Offiziell 556 Einwohner hat das Dorf Pipinsried. Keinen Bäcker, keinen Metzger, ein Gasthaus, das nur manchmal geöffnet hat. Und einen Regionalligisten, der es seit dieser Saison mit den großen Namen im bayerischen Fußball aufnimmt. Wie man die steigende Bekanntheit nun auch in Zukunft nutzen kann? "Die Zahl an wirklichen Fans steigt immer mehr", freut sich Rauch. Auch der Altersdurchschnitt habe sich schon etwas nach unten bewegt. "Das Ziel ist es nun, dass wir den Schwung mitnehmen und in Zukunft auch bei den Heimspielen für mehr Stimmung sorgen", erklärt der 35-Jährige.
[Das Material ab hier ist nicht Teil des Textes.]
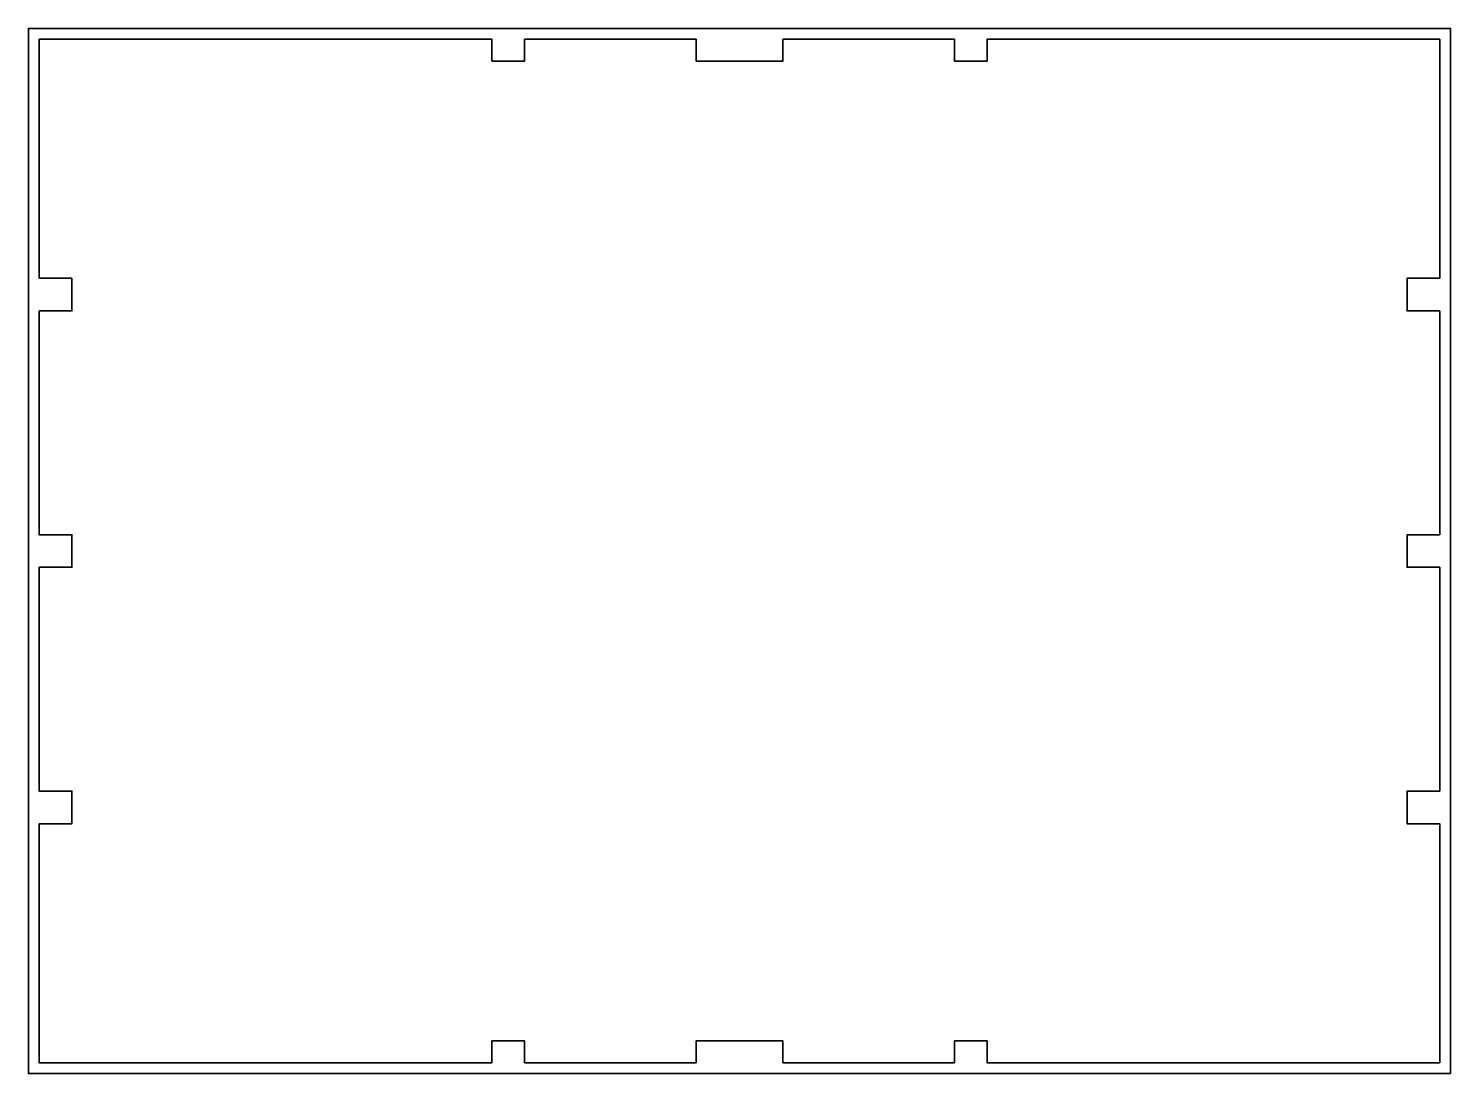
# Model space of a CAD drawing. Header units: millimetres. Extents: x -223 to 432, y -92 to 389.
import ezdxf

# ---------------------------------------------------------------- set-up
doc = ezdxf.new("R2010")
doc.units = ezdxf.units.MM
doc.header["$MEASUREMENT"] = 0
doc.layers.get('0').update_dxf_attribs({"lineweight": 0})
doc.layers.add('Safety', color=7, linetype='Continuous', lineweight=0)

msp = doc.modelspace()

# ---------------------------------------------------------------- linework, layer by layer
at = {"color": 250, "lineweight": 35, "true_color": 0x231f20}
msp.add_lwpolyline([(105, 374), (85, 374), (85, 384), (6, 384), (6, 374), (-9, 374), (-9, 384), (-217.5, 384), (-217.5, 274), (-202.5, 274), (-202.5, 259), (-217.5, 259), (-217.5, 156), (-202.5, 156), (-202.5, 141), (-217.5, 141), (-217.5, 38), (-202.5, 38), (-202.5, 23), (-217.5, 23), (-217.5, -87), (-9, -87), (-9, -77), (6, -77), (6, -87), (85, -87), (85, -77), (105, -77), (125, -77), (125, -87), (204, -87), (204, -77), (219, -77), (219, -87), (427.5, -87), (427.5, 23), (412.5, 23), (412.5, 38), (427.5, 38), (427.5, 141), (412.5, 141), (412.5, 156), (427.5, 156), (427.5, 259), (412.5, 259), (412.5, 274), (427.5, 274), (427.5, 384), (219, 384), (219, 374), (204, 374), (204, 384), (125, 384), (125, 374)], close=True, dxfattribs=at)
at = {"layer": 'Safety', "color": 250, "lineweight": 35, "true_color": 0x231f20}
msp.add_lwpolyline([(432.5, -92), (-222.5, -92), (-222.5, 389), (432.5, 389)], close=True, dxfattribs=at)

doc.saveas('drawing.dxf')

Für Konrad Höß, den Mann, dem das alles zu verdanken ist, war das Wochenende nun vor allem eine Auszeichnung für das, was er in 50 Jahren geleistet hat, um den Verein dorthin zu bringen, wo er heute ist. Am kommenden Samstag herrscht dann wieder Alltag in Pipinsried. Zum Heimspiel (14 Uhr) kommt der FV Illertissen. "Ein anderer Gegner als die Löwen. Aber einer, der nicht weniger gefährlich ist", sagt Höß. Der Präsident wird dann wieder selbst am Ort des Geschehens sein. Wahrscheinlich wird er erneut schimpfen. Aber natürlich auch stolz sein auf all das, was sich in diesen Tagen rund um seinen Verein abspielt.